Leukemia volume 21, pages 550–551 (2007)Cite this article

Wilms' tumour 1 gene (WT1) is highly expressed in various types of leukaemia which has advanced its position both as a target for immunotherapy and as a means of monitoring minimal residual disease (MRD). The precise role of WT1 in haematopoiesis and its contribution to leukemogenesis are open to speculation.1 One hypothesis is that wild-type WT1 may act both as an enhancer of cellular quiescence in haematopoietic stem cells and later as an inducer of cellular differentiation in committed precursors.2 Hence, abrogation of WT1 function could promote stem cell proliferation and induce a block in differentiation, the hallmarks of the two-step hypothesis for the development of acute myeloid leukemia (AML). Mutations in WT1 occur in 10–15% of AMLs, and a link between mutation and failure to respond to standard induction chemotherapy has been proposed.3 In support of this study, Nyvold et al.4 noted the emergence of a WT1 - mutated subclone following therapy suggesting that mutation of WT1 could lead to progression of leukemia by conferring drug resistance. Our group recently reported an association between acquired uniparental disomy of 11p and homozygous mutation of WT1 in a patient with normal karyotype AML.5 As this patient was also refractory to first-line chemotherapy, we investigated the relationship between WT1 mutation and treatment outcome in patients with normal cytogenetics.

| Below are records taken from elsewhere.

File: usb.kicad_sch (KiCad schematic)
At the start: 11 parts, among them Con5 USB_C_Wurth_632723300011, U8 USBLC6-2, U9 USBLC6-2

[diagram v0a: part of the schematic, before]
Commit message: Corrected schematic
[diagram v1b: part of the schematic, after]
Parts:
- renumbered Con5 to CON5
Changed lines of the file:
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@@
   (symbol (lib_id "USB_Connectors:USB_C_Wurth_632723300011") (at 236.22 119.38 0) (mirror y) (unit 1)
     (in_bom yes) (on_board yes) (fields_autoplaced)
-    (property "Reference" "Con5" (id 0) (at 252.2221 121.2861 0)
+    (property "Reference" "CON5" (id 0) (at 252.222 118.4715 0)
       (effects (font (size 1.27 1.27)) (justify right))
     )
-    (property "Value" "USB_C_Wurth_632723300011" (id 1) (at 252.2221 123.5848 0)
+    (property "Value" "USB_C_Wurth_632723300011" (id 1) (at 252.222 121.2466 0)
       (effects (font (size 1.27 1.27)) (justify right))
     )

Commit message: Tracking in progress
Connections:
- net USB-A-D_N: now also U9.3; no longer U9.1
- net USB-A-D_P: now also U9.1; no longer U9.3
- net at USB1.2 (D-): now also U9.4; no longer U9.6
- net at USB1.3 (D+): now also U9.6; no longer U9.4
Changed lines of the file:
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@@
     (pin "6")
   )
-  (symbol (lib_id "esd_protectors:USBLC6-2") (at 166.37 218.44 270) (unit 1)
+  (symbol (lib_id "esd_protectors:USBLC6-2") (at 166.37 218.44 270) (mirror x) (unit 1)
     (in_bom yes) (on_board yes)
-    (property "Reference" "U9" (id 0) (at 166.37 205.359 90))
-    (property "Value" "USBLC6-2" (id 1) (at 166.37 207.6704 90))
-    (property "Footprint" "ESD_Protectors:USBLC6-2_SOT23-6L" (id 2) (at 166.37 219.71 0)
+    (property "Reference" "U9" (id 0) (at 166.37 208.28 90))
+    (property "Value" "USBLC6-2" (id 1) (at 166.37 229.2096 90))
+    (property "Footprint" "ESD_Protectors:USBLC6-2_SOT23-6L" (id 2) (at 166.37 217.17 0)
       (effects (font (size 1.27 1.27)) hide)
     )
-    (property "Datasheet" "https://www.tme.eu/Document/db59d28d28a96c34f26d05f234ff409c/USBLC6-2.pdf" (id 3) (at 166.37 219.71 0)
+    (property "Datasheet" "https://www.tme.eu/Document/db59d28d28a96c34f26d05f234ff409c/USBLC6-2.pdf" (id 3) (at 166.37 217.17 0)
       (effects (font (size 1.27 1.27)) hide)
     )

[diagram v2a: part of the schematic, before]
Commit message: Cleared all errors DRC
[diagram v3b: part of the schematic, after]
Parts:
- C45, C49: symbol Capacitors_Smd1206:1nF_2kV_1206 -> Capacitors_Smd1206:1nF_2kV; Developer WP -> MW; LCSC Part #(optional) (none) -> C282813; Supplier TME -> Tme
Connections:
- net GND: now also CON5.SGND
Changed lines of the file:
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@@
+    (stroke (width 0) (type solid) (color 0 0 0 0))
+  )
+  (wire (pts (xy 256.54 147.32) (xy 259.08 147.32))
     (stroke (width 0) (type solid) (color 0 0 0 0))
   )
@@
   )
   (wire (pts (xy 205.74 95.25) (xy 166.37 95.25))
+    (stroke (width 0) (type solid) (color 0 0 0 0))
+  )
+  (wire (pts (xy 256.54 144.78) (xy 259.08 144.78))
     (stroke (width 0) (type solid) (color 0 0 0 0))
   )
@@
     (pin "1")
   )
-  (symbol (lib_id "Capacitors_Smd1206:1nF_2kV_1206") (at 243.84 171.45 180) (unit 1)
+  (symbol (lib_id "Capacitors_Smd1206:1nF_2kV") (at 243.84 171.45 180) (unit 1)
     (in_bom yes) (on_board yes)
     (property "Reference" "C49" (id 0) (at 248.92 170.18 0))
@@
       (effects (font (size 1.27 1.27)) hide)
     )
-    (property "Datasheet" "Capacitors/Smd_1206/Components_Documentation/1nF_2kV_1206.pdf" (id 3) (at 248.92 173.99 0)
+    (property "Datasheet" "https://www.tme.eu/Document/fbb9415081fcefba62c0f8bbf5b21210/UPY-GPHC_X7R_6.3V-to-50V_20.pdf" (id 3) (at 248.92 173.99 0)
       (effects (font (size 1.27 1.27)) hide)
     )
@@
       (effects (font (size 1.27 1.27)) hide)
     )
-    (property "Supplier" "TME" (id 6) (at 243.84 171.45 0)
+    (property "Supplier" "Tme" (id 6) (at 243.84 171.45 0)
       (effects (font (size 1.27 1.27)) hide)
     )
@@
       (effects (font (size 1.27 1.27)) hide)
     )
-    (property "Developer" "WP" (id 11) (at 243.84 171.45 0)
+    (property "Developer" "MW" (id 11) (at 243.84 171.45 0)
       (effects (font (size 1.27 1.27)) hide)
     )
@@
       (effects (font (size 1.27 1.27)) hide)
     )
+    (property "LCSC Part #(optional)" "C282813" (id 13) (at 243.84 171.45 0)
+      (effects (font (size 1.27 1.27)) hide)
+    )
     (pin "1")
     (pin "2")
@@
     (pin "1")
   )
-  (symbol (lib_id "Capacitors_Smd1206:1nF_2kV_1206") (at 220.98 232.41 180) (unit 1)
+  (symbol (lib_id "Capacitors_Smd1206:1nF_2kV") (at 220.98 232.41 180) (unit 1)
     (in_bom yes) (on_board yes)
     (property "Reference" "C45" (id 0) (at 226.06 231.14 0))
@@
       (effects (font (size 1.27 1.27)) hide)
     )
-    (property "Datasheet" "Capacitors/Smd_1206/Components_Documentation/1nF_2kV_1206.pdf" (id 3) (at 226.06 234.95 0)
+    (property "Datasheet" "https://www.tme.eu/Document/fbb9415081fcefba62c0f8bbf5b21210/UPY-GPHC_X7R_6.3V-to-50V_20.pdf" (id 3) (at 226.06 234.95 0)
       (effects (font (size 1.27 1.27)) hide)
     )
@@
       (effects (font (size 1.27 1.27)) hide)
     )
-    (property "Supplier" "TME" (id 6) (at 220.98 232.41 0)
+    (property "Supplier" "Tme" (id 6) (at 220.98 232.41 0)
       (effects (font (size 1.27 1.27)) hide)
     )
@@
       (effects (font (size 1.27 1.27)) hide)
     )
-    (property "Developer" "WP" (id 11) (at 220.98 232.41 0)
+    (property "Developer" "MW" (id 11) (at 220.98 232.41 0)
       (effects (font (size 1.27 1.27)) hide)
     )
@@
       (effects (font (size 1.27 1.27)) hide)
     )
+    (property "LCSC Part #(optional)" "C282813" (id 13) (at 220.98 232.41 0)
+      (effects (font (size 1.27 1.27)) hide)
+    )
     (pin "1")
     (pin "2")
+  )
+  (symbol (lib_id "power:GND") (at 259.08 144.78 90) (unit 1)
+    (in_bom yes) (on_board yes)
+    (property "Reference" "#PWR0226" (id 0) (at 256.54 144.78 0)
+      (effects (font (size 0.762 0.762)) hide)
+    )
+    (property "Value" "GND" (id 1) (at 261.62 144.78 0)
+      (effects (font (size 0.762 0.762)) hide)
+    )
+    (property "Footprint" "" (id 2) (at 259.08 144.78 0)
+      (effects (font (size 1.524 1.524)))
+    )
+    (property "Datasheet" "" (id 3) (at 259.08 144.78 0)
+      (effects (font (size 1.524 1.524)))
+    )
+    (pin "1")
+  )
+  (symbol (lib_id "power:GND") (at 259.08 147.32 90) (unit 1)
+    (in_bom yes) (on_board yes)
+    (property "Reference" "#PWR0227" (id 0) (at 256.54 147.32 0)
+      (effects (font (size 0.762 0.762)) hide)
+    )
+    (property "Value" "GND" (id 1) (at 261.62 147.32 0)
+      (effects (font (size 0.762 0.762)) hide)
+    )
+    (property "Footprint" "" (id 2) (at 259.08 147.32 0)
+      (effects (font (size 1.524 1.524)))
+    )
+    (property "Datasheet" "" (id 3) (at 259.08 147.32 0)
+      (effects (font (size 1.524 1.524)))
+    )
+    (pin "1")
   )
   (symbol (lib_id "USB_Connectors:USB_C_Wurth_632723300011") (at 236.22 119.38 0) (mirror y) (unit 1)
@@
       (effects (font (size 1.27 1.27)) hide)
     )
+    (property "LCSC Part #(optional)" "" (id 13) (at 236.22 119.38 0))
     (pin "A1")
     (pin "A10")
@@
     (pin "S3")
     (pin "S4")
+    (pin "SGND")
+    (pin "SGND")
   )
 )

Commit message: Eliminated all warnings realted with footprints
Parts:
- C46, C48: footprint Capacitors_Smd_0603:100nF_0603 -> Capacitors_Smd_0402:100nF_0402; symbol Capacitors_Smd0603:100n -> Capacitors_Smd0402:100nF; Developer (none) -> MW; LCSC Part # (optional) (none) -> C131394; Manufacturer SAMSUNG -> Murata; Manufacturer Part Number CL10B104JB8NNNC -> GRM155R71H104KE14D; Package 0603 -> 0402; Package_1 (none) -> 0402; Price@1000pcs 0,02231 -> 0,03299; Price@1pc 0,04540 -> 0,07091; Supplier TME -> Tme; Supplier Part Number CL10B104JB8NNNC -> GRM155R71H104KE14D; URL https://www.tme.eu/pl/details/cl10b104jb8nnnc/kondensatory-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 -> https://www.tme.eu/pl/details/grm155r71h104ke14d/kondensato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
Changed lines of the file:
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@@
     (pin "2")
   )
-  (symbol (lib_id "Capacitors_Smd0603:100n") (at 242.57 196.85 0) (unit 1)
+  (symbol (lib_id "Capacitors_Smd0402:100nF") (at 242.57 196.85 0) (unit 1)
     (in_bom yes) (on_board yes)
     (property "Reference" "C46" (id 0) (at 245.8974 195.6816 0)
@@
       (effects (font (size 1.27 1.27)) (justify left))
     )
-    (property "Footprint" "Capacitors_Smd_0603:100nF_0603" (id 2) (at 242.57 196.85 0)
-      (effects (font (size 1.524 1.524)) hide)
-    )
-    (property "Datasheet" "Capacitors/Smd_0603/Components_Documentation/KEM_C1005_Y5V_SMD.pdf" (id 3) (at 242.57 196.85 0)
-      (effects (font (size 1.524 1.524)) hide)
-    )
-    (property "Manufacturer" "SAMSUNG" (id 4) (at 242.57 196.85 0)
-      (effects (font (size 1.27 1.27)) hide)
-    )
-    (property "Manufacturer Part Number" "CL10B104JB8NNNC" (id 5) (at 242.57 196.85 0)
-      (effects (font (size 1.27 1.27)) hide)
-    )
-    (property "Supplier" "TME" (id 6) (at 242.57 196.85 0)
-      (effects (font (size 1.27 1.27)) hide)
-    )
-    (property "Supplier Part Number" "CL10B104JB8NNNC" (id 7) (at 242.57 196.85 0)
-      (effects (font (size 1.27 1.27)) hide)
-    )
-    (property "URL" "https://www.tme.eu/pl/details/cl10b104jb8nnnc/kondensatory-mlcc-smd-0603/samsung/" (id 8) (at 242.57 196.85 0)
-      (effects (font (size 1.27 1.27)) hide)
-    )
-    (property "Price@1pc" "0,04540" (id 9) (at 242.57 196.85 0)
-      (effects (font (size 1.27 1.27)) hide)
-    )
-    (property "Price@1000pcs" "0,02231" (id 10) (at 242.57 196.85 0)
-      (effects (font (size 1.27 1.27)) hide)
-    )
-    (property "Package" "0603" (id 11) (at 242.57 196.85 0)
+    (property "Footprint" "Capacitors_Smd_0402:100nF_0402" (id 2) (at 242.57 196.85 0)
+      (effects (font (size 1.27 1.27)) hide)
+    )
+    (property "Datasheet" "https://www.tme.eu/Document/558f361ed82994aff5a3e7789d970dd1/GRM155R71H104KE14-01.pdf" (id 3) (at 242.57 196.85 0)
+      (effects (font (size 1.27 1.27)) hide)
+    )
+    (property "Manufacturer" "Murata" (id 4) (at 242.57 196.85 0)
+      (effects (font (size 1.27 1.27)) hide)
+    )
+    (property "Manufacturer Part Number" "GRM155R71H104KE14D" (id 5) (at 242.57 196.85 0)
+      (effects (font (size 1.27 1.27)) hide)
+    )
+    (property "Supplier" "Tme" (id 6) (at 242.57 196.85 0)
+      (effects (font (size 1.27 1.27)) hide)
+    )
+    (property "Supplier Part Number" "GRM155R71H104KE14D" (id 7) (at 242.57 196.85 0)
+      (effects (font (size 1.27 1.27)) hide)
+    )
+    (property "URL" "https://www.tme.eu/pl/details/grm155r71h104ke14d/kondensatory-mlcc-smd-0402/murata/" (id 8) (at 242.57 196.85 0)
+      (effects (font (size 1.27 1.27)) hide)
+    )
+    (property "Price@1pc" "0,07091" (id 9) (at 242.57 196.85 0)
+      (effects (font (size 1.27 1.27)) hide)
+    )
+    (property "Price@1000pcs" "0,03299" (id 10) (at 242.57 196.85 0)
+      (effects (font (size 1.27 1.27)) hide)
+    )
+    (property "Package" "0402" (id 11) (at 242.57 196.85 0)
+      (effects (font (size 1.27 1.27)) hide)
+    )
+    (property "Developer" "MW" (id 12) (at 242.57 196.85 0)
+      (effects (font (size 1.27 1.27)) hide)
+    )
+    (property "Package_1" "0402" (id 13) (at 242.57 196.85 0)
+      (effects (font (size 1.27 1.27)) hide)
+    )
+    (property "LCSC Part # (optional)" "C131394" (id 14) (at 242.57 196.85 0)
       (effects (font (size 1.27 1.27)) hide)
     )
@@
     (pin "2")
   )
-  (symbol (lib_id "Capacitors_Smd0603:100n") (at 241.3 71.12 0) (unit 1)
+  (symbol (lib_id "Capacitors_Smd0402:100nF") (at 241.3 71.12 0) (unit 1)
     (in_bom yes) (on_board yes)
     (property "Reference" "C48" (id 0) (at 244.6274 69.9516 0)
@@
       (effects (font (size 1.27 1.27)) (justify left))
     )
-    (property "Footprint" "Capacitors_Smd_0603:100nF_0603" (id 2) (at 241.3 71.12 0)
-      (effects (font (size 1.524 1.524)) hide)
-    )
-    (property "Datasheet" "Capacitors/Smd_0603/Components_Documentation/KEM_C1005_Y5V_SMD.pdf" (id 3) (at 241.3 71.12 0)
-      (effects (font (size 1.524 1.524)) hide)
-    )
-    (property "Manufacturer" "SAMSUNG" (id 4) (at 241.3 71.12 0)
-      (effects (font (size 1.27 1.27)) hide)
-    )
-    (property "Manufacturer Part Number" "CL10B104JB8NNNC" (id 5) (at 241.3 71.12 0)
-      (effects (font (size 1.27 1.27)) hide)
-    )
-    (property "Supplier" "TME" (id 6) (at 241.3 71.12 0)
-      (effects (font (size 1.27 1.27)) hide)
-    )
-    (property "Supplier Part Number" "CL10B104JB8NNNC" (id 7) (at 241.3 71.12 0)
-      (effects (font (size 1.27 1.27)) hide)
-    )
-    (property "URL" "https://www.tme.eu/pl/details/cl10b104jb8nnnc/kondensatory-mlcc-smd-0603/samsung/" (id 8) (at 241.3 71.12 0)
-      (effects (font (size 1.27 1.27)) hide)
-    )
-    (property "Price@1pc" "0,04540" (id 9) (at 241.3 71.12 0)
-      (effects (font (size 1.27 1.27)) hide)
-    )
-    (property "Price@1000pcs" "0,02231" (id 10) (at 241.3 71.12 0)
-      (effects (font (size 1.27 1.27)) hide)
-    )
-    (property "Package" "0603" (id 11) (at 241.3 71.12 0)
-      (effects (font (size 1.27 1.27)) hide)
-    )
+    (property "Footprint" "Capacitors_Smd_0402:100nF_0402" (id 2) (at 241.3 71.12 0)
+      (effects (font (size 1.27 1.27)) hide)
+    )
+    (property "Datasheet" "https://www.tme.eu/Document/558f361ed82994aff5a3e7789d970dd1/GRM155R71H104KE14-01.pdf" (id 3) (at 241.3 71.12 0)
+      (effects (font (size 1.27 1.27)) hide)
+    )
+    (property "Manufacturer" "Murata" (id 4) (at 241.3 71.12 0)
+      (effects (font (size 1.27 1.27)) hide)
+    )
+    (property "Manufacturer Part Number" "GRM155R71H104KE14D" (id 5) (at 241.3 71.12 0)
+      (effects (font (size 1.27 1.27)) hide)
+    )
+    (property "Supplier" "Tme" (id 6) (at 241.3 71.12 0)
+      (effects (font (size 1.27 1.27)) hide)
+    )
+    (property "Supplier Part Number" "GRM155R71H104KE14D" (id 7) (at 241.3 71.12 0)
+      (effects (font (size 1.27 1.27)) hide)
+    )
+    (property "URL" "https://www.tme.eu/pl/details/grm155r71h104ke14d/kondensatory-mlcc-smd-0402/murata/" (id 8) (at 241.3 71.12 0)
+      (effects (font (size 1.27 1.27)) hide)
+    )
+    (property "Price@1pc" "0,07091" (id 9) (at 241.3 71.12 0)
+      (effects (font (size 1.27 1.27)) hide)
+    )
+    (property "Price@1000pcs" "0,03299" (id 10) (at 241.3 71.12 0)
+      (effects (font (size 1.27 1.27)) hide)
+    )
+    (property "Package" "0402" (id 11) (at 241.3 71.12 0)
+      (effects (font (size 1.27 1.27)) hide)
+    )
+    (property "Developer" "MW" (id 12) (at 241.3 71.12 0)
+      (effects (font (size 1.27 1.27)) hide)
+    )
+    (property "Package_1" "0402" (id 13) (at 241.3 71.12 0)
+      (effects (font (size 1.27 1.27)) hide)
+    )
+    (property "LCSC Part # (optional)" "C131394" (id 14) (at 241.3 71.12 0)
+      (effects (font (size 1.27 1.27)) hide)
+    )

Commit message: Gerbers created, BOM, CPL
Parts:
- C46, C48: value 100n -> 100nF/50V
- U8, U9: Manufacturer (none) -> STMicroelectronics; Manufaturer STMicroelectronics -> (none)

If these mutations overlap with primer and probe combinations, they have the potential to interfere with WT1 quantification and the calculation of MRD.4 Using the standard real-time quantitative reverse-transcriptase polymerase chain reaction conditions described by Nyvold et al., all six mutations described for exon 7, in our group of patients, will affect primer/probe annealing and are likely to lead to a reduction in overall WT1 quantification. Hence, the effect of WT1 mutation on MRD detection may prove important although it is only in the rare cases where biallelic mutation coincides with the location of the primer/probe that complete loss of expression will be observed.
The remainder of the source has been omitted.